(Beginning of SUPPLIED MATERIAL)

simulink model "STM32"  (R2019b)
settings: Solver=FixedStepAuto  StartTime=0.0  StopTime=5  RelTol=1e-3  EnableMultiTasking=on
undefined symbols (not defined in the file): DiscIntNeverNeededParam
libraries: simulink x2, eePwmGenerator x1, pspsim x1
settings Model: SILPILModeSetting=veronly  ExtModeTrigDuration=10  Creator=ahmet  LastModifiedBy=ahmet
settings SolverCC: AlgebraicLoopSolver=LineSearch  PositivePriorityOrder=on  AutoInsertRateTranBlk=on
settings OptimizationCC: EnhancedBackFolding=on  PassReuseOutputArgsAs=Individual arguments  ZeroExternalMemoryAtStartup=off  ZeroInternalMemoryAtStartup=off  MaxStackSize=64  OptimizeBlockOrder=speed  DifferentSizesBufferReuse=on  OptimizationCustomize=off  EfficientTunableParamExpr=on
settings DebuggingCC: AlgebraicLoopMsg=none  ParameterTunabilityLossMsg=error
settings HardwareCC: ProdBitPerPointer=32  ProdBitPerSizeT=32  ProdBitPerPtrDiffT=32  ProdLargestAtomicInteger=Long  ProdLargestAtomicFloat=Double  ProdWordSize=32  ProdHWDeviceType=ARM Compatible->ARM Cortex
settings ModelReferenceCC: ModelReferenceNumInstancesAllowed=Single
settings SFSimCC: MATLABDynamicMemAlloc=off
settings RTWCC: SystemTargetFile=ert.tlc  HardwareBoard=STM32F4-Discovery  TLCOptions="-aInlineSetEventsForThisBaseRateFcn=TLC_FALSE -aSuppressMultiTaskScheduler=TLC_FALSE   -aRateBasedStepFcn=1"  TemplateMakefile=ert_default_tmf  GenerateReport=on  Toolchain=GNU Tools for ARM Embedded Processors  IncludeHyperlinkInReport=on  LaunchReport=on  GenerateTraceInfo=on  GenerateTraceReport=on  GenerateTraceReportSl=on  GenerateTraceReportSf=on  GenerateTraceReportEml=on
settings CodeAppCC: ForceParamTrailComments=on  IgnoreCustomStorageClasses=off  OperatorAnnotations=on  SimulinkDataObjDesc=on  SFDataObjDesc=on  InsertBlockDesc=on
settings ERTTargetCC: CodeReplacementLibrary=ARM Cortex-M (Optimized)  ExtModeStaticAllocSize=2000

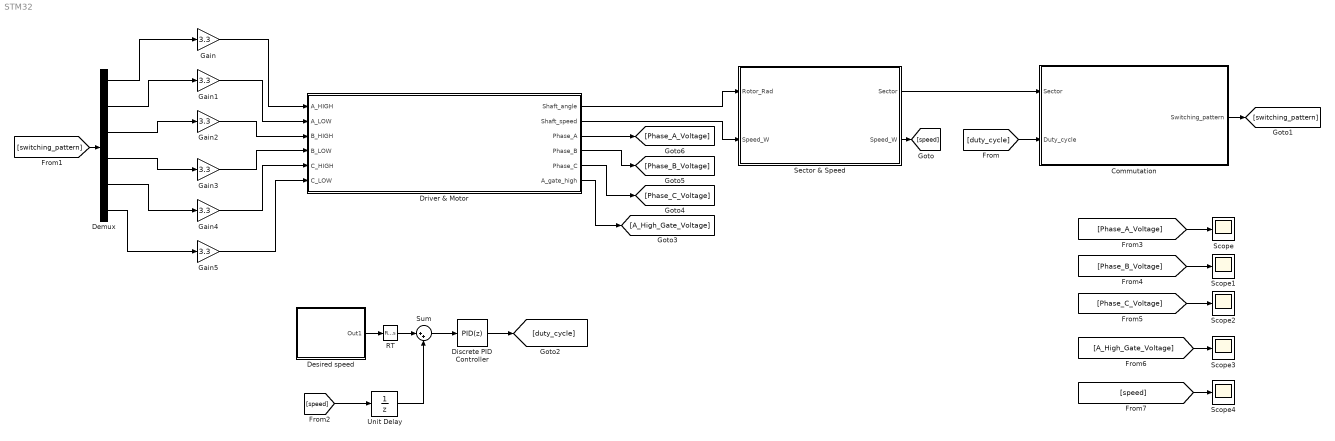
== system STM32 ==
  Commutation : Subsystem
  Demux : Demux  Outputs=6
  "Desired speed " : Subsystem
  Discrete PID Controller : simulink/Continuous/PID Controller  Controller=PID  Form=Parallel  TimeDomain=Discrete-time  SampleTime=10000e-05  IntegratorMethod=Forward Euler  FilterMethod=Forward Euler  ControllerParametersSource=internal  P=0.01  I=0.1  D=0  UseFilter=on  N=100  TunerSelectOption=Transfer Function Based (PID Tuner App)  InitialConditionSource=internal  InitialConditionForIntegrator=0  InitialConditionForFilter=0  DifferentiatorICPrevScaledInput=0  ExternalReset=none  TrackingMode=off  Kt=1  LimitOutput=on  UpperSaturationLimit=1  LowerSaturationLimit=0.5  LinearizeAsGain=off  AntiWindupMode=back-calculation  Kb=1  POutMin=[]  POutMax=[]  IOutMin=[]  IOutMax=[]  DOutMin=[]  DOutMax=[]  NOutMin=[]  NOutMax=[]  SumOutMin=[]  SumOutMax=[]  SaturationOutMin=[]  SaturationOutMax=[]  PParamMin=[]  PParamMax=[]  IParamMin=[]  IParamMax=[]  DParamMin=[]  DParamMax=[]  NParamMin=[]  NParamMax=[]  KbParamMin=[]  KbParamMax=[]  KtParamMin=[]  KtParamMax=[]  KbOutMin=[]  KbOutMax=[]  KtOutMin=[]  KtOutMax=[]  IntegratorOutMin=[]  IntegratorOutMax=[]  FilterOutMin=[]  FilterOutMax=[]  SumI1OutMin=[]  SumI1OutMax=[]  SumI2OutMin=[]  SumI2OutMax=[]  SumI3OutMin=[]  SumI3OutMax=[]  SumI4OutMin=[]  SumI4OutMax=[]  SumDOutMin=[]  SumDOutMax=[]  DifferentiatorOutMin=[]  DifferentiatorOutMax=[]  FilterDiffOutCoefMin=[]  FilterDiffOutCoefMax=[]  ReciprocalOutMin=[]  ReciprocalOutMax=[]  SumDenOutMin=[]  SumDenOutMax=[]  SumNumOutMin=[]  SumNumOutMax=[]  DivideOutMin=[]  DivideOutMax=[]  IntegratorContinuousStateAttributes=''  IntegratorStateMustResolveToSignalObject=off  IntegratorRTWStateStorageClass=Auto  FilterContinuousStateAttributes=''  FilterStateMustResolveToSignalObject=off  FilterRTWStateStorageClass=Auto  ParallelPVariant=InternalParameters  IdealPVariant=Disabled  IVariant=InternalParameters  DVariant=InternalParameters  IntegratorVariant=Discrete  SatVariant=Enabled  AWVariant=BackCalculation  PCopyVariant=Disabled  TRVariant=Disabled  FdbkBlocksVariant=Forward  IdealPFdbkVariant=Disabled  SatFdbkVariant=Disabled  DerivativeFilterVariant=ForwardEulerFilter  NVariant=InternalParameters  NCopyVariant=Disabled  FilterICVariant=InternalICsFilter  IntegratorICVariant=InternalICs  ExternalResetVariant=Disabled  TRSumVariant=Passthrough  SumFdbkVariant=Disabled  SumVariant=Sum_PID
  Driver & Motor : Subsystem
  Gain{,1..5} (6 alike) : Gain  Gain=3.3
  RT : RateTransition  OutPortSampleTime=1e-05
  Scope{,1..4} (5 alike) : Scope
  "Sector & Speed " : Subsystem
  Sum : Sum  Inputs=|++
  Unit Delay : UnitDelay  SampleTime=-1  HasFrameUpgradeWarning=on
  wires:
  Driver & Motor/1(Shaft_angle) -> "Sector & Speed "/1(Rotor_Rad)
  Driver & Motor/2("Shaft_speed ") -> "Sector & Speed "/2("Speed_W ")
  "Sector & Speed "/1("Sector ") -> Commutation/1("Sector ")
  "Sector & Speed "/2(Speed_W) -> [speed]
  [duty_cycle] -> Commutation/2("Duty_cycle ")
  Commutation/1("Switching_pattern ") -> [switching_pattern]
  [switching_pattern] -> Demux/1
  Gain/1 -> Driver & Motor/1("A_HIGH ")
  Gain2/1 -> Driver & Motor/3("B_HIGH ")
  Gain3/1 -> Driver & Motor/4("B_LOW ")
  Gain4/1 -> Driver & Motor/5("C_HIGH ")
  Gain1/1 -> Driver & Motor/2("A_LOW ")
  "Desired speed "/1(Out1) -> RT/1
  Sum/1 -> Discrete PID Controller/1
  Discrete PID Controller/1 -> [duty_cycle]
  Demux/1 -> Gain/1
  Demux/6 -> Gain5/1
  Demux/5 -> Gain4/1
  Demux/4 -> Gain3/1
  Demux/3 -> Gain2/1
  Demux/2 -> Gain1/1
  RT/1 -> Sum/1
  [speed] -> Unit Delay/1
  Unit Delay/1 -> Sum/2
  Gain5/1 -> Driver & Motor/6("C_LOW ")
  Driver & Motor/6("A_gate_high ") -> [A_High_Gate_Voltage]
  Driver & Motor/5(Phase_C) -> [Phase_C_Voltage]
  Driver & Motor/4("Phase_B ") -> [Phase_B_Voltage]
  Driver & Motor/3("Phase_A ") -> [Phase_A_Voltage]
  [Phase_A_Voltage] -> Scope/1
  [Phase_B_Voltage] -> Scope1/1
  [Phase_C_Voltage] -> Scope2/1
  [A_High_Gate_Voltage] -> Scope3/1
  [speed] -> Scope4/1

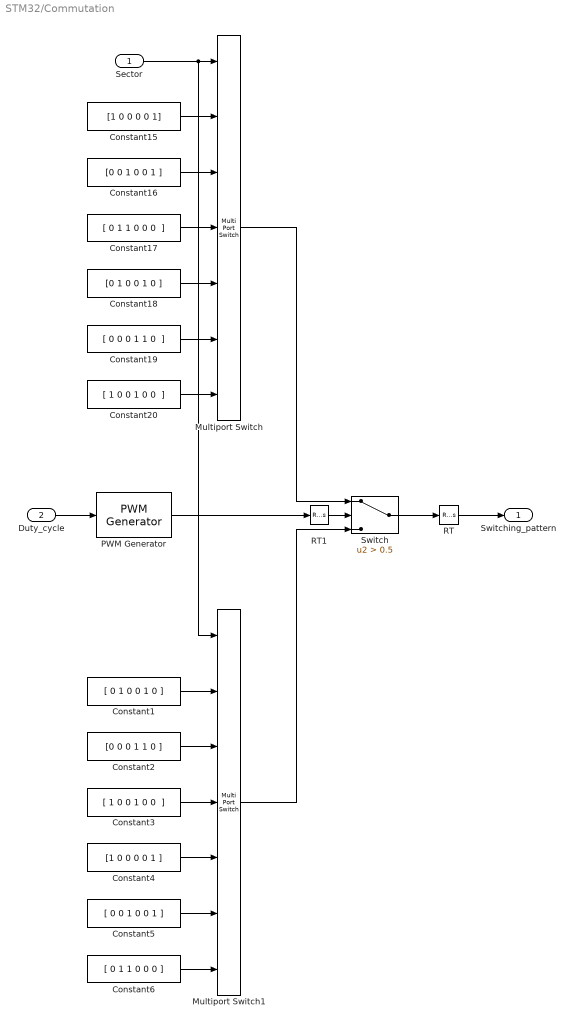
== system STM32/Commutation ==
  "Sector " : Inport
  "Duty_cycle " : Inport  Port=2
  Constant1 : Constant  Value=[ 0 1 0 0 1 0 ]
  Constant15 : Constant  Value=[1 0 0 0 0 1]
  Constant16 : Constant  Value=[0 0 1 0 0 1 ]
  Constant17 : Constant  Value="[ 0 1 1 0 0 0  ]"
  Constant18 : Constant  Value=[0 1 0 0 1 0 ]
  Constant19 : Constant  Value="[ 0 0 0 1 1 0  ]"
  Constant2 : Constant  Value=[0 0 0 1 1 0 ]
  Constant20 : Constant  Value="[ 1 0 0 1 0 0  ]"
  Constant3 : Constant  Value="[ 1 0 0 1 0 0  ]"
  Constant4 : Constant  Value=[1 0 0 0 0 1 ]
  Constant5 : Constant  Value=[ 0 0 1 0 0 1 ]
  Constant6 : Constant  Value=[ 0 1 1 0 0 0 ]
  Multiport Switch : MultiPortSwitch  Inputs=6
  Multiport Switch1 : MultiPortSwitch  Inputs=6
  PWM Generator : eePwmGenerator/PWM Generator  CarrCount=Up  Tper=1000  Ts=10000e-05
      settings: SourceProductName=Simscape Electrical
  RT : RateTransition  Deterministic=off  OutPortSampleTime=5e-05
  RT1 : RateTransition  OutPortSampleTime=2e-05
  Switch : Switch  Criteria=u2 > Threshold  Threshold=0.5
  "Switching_pattern " : Outport
  wires:
  RT/1 -> "Switching_pattern "/1
  Constant19/1 -> Multiport Switch/6
  Constant2/1 -> Multiport Switch1/3
  PWM Generator/1 -> RT1/1
  Constant4/1 -> Multiport Switch1/5
  Constant6/1 -> Multiport Switch1/7
  Constant3/1 -> Multiport Switch1/4
  Multiport Switch1/1 -> Switch/3
  Constant20/1 -> Multiport Switch/7
  Constant5/1 -> Multiport Switch1/6
  Constant1/1 -> Multiport Switch1/2
  "Sector "/1 -> Multiport Switch1/1, Multiport Switch/1
  Constant17/1 -> Multiport Switch/4
  "Duty_cycle "/1 -> PWM Generator/1
  Multiport Switch/1 -> Switch/1
  Constant18/1 -> Multiport Switch/5
  Constant15/1 -> Multiport Switch/2
  Constant16/1 -> Multiport Switch/3
  Switch/1 -> RT/1
  RT1/1 -> Switch/2

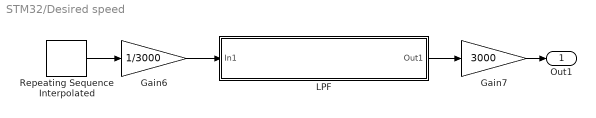
== system STM32/Desired speed  ==
  Gain6 : Gain  Gain=1/3000
  Gain7 : Gain  Gain=3000
  "LPF " : Subsystem
  Repeating Sequence Interpolated : simulink/Sources/Repeating Sequence Interpolated  OutValues=[0 1025/2 1025/2 1025 1025 2050 2050 2050]  TimeValues=[0 10 20 30 40 50 60 70]/2  LookUpMeth=Interpolation-Use End Values  tsamp=10000e-05  OutMin=[]  OutMax=[]  OutDataTypeStr=double  OutputDataTypeScalingMode=double  OutDataType=fixdt(0,8)  OutScaling=2^-10
  Out1 : Outport
  wires:
  Gain6/1 -> "LPF "/1(In1)
  Gain7/1 -> Out1/1
  Repeating Sequence Interpolated/1 -> Gain6/1
  "LPF "/1(Out1) -> Gain7/1

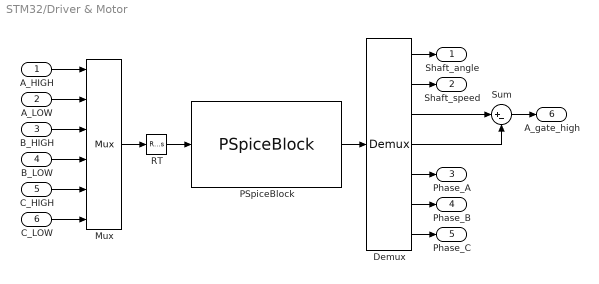
== system STM32/Driver & Motor ==
  "A_HIGH " : Inport
  "A_LOW " : Inport  Port=2
  "B_HIGH " : Inport  Port=3
  "B_LOW " : Inport  Port=4
  "C_HIGH " : Inport  Port=5
  "C_LOW " : Inport  Port=6
  Demux : Demux  Outputs=7
  Mux : Mux  Inputs=6
      settings: DisplayOption=signals
  PSpiceBlock : pspsim/PSpiceBlock  SFunctionModules=''
      settings: SourceProductName=PSpice Block
  RT : RateTransition  OutPortSampleTime=1e-05
  Sum : Sum  Inputs=|+-
  Shaft_angle : Outport
  "Shaft_speed " : Outport  Port=2
  "Phase_A " : Outport  Port=3
  "Phase_B " : Outport  Port=4
  Phase_C : Outport  Port=5
  "A_gate_high " : Outport  Port=6
  wires:
  "B_LOW "/1 -> Mux/4
  "B_HIGH "/1 -> Mux/3
  "C_HIGH "/1 -> Mux/5
  "A_HIGH "/1 -> Mux/1
  "A_LOW "/1 -> Mux/2
  "C_LOW "/1 -> Mux/6
  Mux/1 -> RT/1
  PSpiceBlock/1 -> Demux/1
  Demux/1 -> Shaft_angle/1
  Demux/2 -> "Shaft_speed "/1
  RT/1 -> PSpiceBlock/1
  Demux/7 -> Phase_C/1
  Demux/6 -> "Phase_B "/1
  Demux/5 -> "Phase_A "/1
  Demux/4 -> Sum/2
  Demux/3 -> Sum/1
  Sum/1 -> "A_gate_high "/1

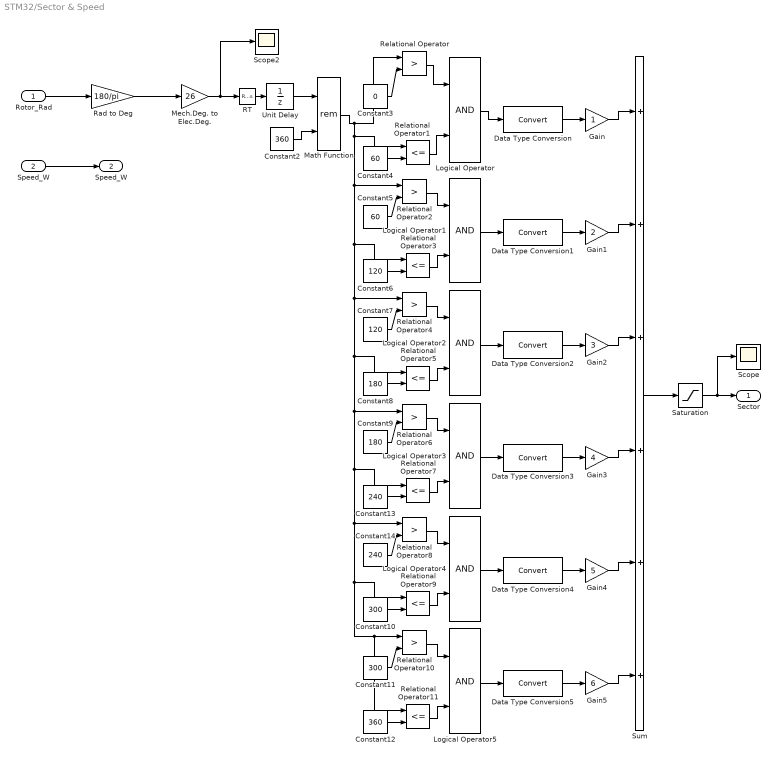
== system STM32/Sector & Speed  ==
  Rotor_Rad : Inport
  "Speed_W " : Inport  Port=2
  Constant10 : Constant  Value=300
  Constant11 : Constant  Value=300
  Constant12 : Constant  Value=360
  Constant13 : Constant  Value=240
  Constant14 : Constant  Value=240
  Constant2 : Constant  Value=360
  Constant3 : Constant  Value=0
  Constant4 : Constant  Value=60
  Constant5 : Constant  Value=60
  Constant6 : Constant  Value=120
  Constant7 : Constant  Value=120
  Constant8 : Constant  Value=180
  Constant9 : Constant  Value=180
  Data Type Conversion{,1..5} (6 alike) : DataTypeConversion
  Gain : Gain
  Gain1 : Gain  Gain=2
  Gain2 : Gain  Gain=3
  Gain3 : Gain  Gain=4
  Gain4 : Gain  Gain=5
  Gain5 : Gain  Gain=6
  Logical Operator{,1..5} (6 alike) : Logic  AllPortsSameDT=off  OutDataTypeStr=boolean
  Math Function : Math  Operator=rem  SignedPower=off  SaturateOnIntegerOverflow=on
  Mech.Deg. to Elec.Deg. : Gain  Gain=26
  RT : RateTransition  OutPortSampleTime=2e-05
  "Rad to Deg " : Gain  Gain=180/pi
  Relational Operator{,2,4,6,8,10} (6 alike) : RelationalOperator  Operator=>  OutDataTypeStr=boolean  RndMeth=Simplest
  Relational Operator{1,3,5,7,9,11} (6 alike) : RelationalOperator  Operator=<=  OutDataTypeStr=boolean  RndMeth=Simplest
  Saturation : Saturate  UpperLimit=6  LowerLimit=1
  Scope : Scope
  Scope2 : Scope
  Sum : Sum  Inputs=++++++
  Unit Delay : UnitDelay  SampleTime=2e-5  HasFrameUpgradeWarning=on
  "Sector " : Outport
  Speed_W : Outport  Port=2
  wires:
  Data Type Conversion3/1 -> Gain3/1
  Relational Operator7/1 -> Logical Operator3/2
  Logical Operator4/1 -> Data Type Conversion4/1
  Constant6/1 -> Relational Operator3/2
  Relational Operator/1 -> Logical Operator/1
  Data Type Conversion5/1 -> Gain5/1
  "Rad to Deg "/1 -> Mech.Deg. to Elec.Deg./1
  Constant5/1 -> Relational Operator2/2
  Math Function/1 -> Relational Operator/1, Relational Operator6/1, Relational Operator11/1, Relational Operator10/1, Relational Operator9/1, Relational Operator8/1, Relational Operator7/1, Relational Operator5/1, Relational Operator4/1, Relational Operator3/1, Relational Operator2/1, Relational Operator1/1
  Relational Operator11/1 -> Logical Operator5/2
  Relational Operator10/1 -> Logical Operator5/1
  Gain4/1 -> Sum/5
  Constant14/1 -> Relational Operator8/2
  Mech.Deg. to Elec.Deg./1 -> RT/1, Scope2/1
  Gain3/1 -> Sum/4
  Data Type Conversion2/1 -> Gain2/1
  Saturation/1 -> "Sector "/1, Scope/1
  Relational Operator8/1 -> Logical Operator4/1
  Constant3/1 -> Relational Operator/2
  Constant2/1 -> Math Function/2
  Unit Delay/1 -> Math Function/1
  Constant10/1 -> Relational Operator9/2
  Relational Operator3/1 -> Logical Operator1/2
  Logical Operator1/1 -> Data Type Conversion1/1
  Relational Operator5/1 -> Logical Operator2/2
  Relational Operator2/1 -> Logical Operator1/1
  Data Type Conversion4/1 -> Gain4/1
  Rotor_Rad/1 -> "Rad to Deg "/1
  Constant12/1 -> Relational Operator11/2
  Gain2/1 -> Sum/3
  Logical Operator3/1 -> Data Type Conversion3/1
  Logical Operator/1 -> Data Type Conversion/1
  Data Type Conversion1/1 -> Gain1/1
  Sum/1 -> Saturation/1
  Constant7/1 -> Relational Operator4/2
  Logical Operator2/1 -> Data Type Conversion2/1
  Relational Operator9/1 -> Logical Operator4/2
  Relational Operator4/1 -> Logical Operator2/1
  Logical Operator5/1 -> Data Type Conversion5/1
  Constant4/1 -> Relational Operator1/2
  Gain5/1 -> Sum/6
  Constant8/1 -> Relational Operator5/2
  Constant13/1 -> Relational Operator7/2
  Relational Operator1/1 -> Logical Operator/2
  Constant11/1 -> Relational Operator10/2
  Gain/1 -> Sum/1
  Gain1/1 -> Sum/2
  Constant9/1 -> Relational Operator6/2
  Data Type Conversion/1 -> Gain/1
  Relational Operator6/1 -> Logical Operator3/1
  "Speed_W "/1 -> Speed_W/1
  RT/1 -> Unit Delay/1

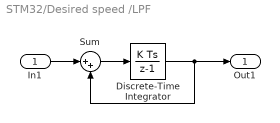
== system STM32/Desired speed /LPF  ==
  In1 : Inport
  Discrete-Time Integrator : DiscreteIntegrator  gainval=20  SampleTime=10000e-05  ICPrevOutput=DiscIntNeverNeededParam  ICPrevScaledInput=DiscIntNeverNeededParam
  Sum : Sum  Inputs=|++
  Out1 : Outport
  wires:
  In1/1 -> Sum/1
  Sum/1 -> Discrete-Time Integrator/1
  Discrete-Time Integrator/1 -> Out1/1, Sum/2

(End of SUPPLIED MATERIAL)

INSTRUCTIONS FOR THE TASK: Only the lines from the opening of the material through the line with "libraries: simulink x2, eePwmGenerator" should be echoed, exactly as written.

ANSWER TO THIS EXERCISE:
simulink model "STM32"  (R2019b)
settings: Solver=FixedStepAuto  StartTime=0.0  StopTime=5  RelTol=1e-3  EnableMultiTasking=on
undefined symbols (not defined in the file): DiscIntNeverNeededParam
libraries: simulink x2, eePwmGenerator x1, pspsim x1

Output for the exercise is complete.